• **Aim of the task**
Skip all pictures, then copy the lines from the start of the data through the line with "- better power harvesting efficiency", keeping both ends.

Dataset records
== Segment start ==

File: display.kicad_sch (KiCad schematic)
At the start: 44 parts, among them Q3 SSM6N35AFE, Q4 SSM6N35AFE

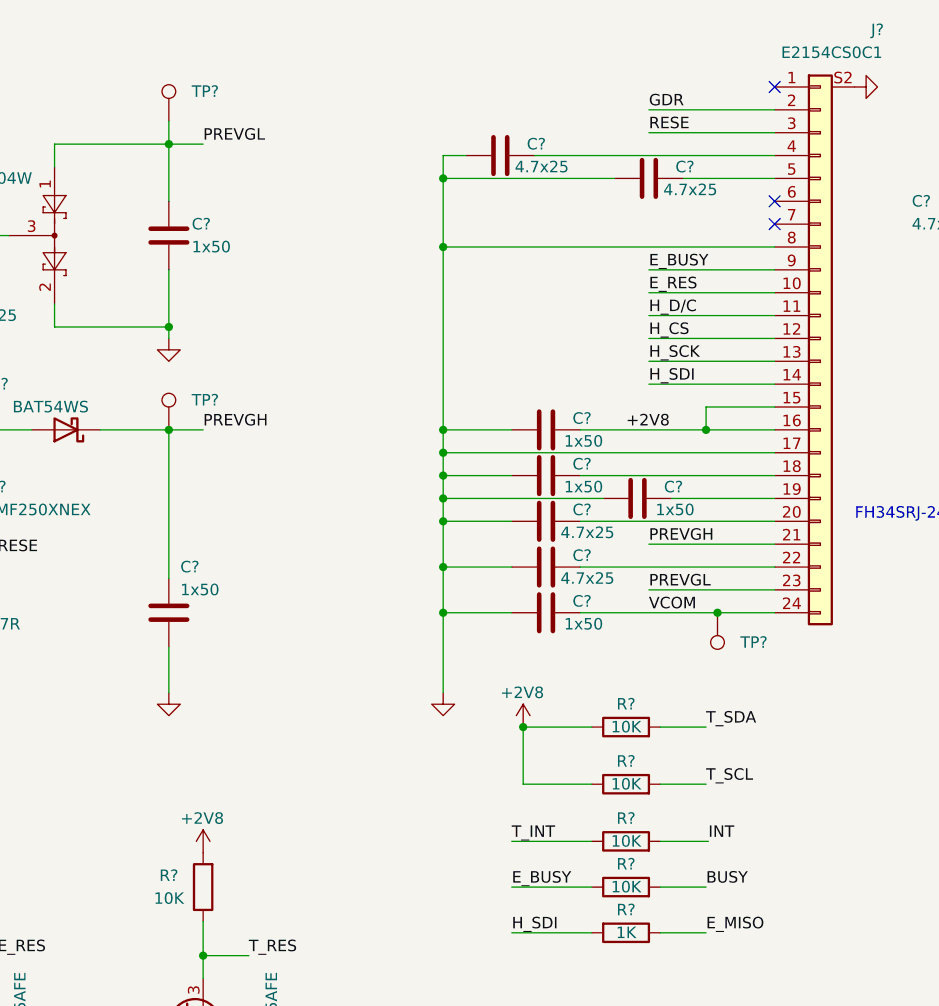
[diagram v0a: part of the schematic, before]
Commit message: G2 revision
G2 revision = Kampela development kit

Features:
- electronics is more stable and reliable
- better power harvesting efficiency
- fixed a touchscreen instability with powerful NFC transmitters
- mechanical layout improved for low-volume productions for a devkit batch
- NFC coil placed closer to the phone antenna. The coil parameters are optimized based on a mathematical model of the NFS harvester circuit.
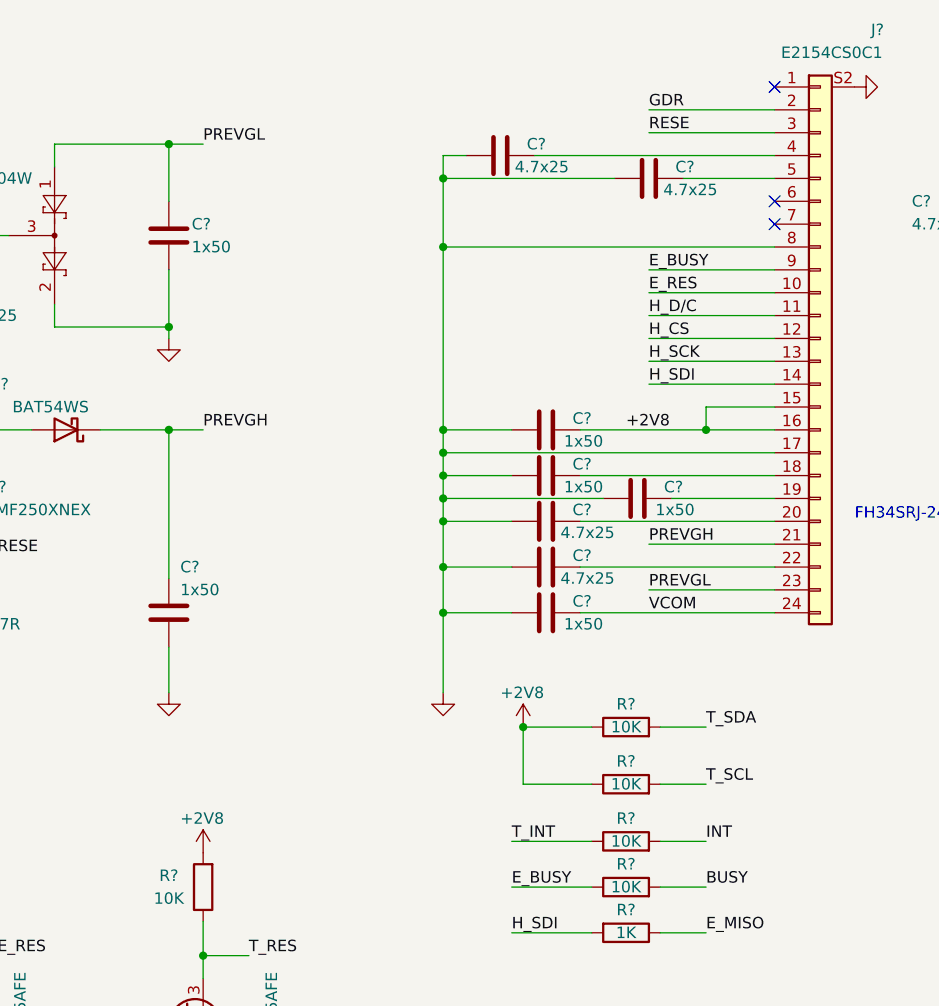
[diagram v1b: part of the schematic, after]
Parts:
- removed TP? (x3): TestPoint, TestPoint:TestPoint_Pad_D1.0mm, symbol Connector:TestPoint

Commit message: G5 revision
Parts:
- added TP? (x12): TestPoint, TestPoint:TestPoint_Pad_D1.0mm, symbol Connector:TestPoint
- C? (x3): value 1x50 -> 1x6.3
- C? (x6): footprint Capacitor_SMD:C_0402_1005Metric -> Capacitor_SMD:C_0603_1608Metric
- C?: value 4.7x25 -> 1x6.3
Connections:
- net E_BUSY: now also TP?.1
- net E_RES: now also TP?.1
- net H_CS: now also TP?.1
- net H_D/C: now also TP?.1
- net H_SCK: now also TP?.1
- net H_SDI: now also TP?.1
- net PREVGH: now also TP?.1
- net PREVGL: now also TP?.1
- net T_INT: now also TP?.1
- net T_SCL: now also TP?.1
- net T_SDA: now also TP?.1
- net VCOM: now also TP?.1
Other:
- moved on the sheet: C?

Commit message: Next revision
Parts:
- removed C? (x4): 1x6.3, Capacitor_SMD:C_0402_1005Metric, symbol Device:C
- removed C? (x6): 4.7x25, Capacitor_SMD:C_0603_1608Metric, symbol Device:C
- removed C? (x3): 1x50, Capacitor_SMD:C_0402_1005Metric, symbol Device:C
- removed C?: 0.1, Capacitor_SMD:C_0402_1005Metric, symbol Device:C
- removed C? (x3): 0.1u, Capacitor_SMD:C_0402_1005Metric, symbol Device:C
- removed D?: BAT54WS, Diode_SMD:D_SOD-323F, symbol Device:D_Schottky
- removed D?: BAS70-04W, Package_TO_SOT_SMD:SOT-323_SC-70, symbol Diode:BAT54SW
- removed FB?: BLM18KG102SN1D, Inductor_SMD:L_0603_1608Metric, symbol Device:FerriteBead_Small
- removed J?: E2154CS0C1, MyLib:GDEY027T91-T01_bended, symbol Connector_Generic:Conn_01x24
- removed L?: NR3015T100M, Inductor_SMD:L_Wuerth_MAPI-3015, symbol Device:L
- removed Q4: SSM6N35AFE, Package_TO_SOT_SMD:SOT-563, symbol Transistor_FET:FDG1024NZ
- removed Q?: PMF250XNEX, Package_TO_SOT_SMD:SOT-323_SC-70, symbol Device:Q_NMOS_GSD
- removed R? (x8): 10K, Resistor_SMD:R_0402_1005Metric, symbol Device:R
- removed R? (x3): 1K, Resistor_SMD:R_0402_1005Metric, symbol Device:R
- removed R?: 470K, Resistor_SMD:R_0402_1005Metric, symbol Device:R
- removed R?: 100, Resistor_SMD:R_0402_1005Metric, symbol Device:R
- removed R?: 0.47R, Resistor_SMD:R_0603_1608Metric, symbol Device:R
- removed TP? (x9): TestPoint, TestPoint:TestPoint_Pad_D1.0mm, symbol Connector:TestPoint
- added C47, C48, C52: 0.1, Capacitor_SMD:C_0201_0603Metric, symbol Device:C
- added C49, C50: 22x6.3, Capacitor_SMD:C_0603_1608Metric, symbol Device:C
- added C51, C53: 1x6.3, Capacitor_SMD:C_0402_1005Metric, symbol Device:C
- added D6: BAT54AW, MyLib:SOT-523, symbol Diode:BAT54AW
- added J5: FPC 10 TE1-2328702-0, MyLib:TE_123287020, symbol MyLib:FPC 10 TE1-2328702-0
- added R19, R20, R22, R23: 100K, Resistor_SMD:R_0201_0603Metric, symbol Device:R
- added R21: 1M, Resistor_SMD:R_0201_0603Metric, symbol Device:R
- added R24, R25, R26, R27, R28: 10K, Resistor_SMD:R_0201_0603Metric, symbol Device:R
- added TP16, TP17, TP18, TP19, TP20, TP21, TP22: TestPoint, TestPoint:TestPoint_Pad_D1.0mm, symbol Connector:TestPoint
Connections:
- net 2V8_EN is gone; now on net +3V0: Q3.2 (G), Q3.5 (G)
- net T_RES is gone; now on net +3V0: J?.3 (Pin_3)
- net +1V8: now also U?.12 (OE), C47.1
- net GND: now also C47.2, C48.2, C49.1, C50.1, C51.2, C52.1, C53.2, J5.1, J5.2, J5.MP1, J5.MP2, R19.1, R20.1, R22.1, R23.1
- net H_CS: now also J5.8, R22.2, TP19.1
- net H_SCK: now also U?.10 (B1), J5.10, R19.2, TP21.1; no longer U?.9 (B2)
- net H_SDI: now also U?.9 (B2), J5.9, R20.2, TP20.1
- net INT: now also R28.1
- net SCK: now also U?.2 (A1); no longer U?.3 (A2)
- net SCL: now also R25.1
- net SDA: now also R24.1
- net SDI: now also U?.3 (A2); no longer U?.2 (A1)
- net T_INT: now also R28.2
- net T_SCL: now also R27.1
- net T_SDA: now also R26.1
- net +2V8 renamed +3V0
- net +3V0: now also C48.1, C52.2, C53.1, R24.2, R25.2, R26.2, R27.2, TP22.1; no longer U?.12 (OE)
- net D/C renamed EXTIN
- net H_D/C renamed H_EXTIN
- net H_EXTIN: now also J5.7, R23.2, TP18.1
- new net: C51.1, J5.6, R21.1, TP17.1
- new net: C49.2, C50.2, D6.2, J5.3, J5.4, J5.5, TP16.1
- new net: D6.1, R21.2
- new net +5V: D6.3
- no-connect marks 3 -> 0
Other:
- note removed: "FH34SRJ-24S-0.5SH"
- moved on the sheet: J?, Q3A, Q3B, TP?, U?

== Segment end ==

• **Written solution**
File: display.kicad_sch (KiCad schematic)
At the start: 44 parts, among them Q3 SSM6N35AFE, Q4 SSM6N35AFE

[diagram v0a: part of the schematic, before]
Commit message: G2 revision
G2 revision = Kampela development kit

Features:
- electronics is more stable and reliable
- better power harvesting efficiency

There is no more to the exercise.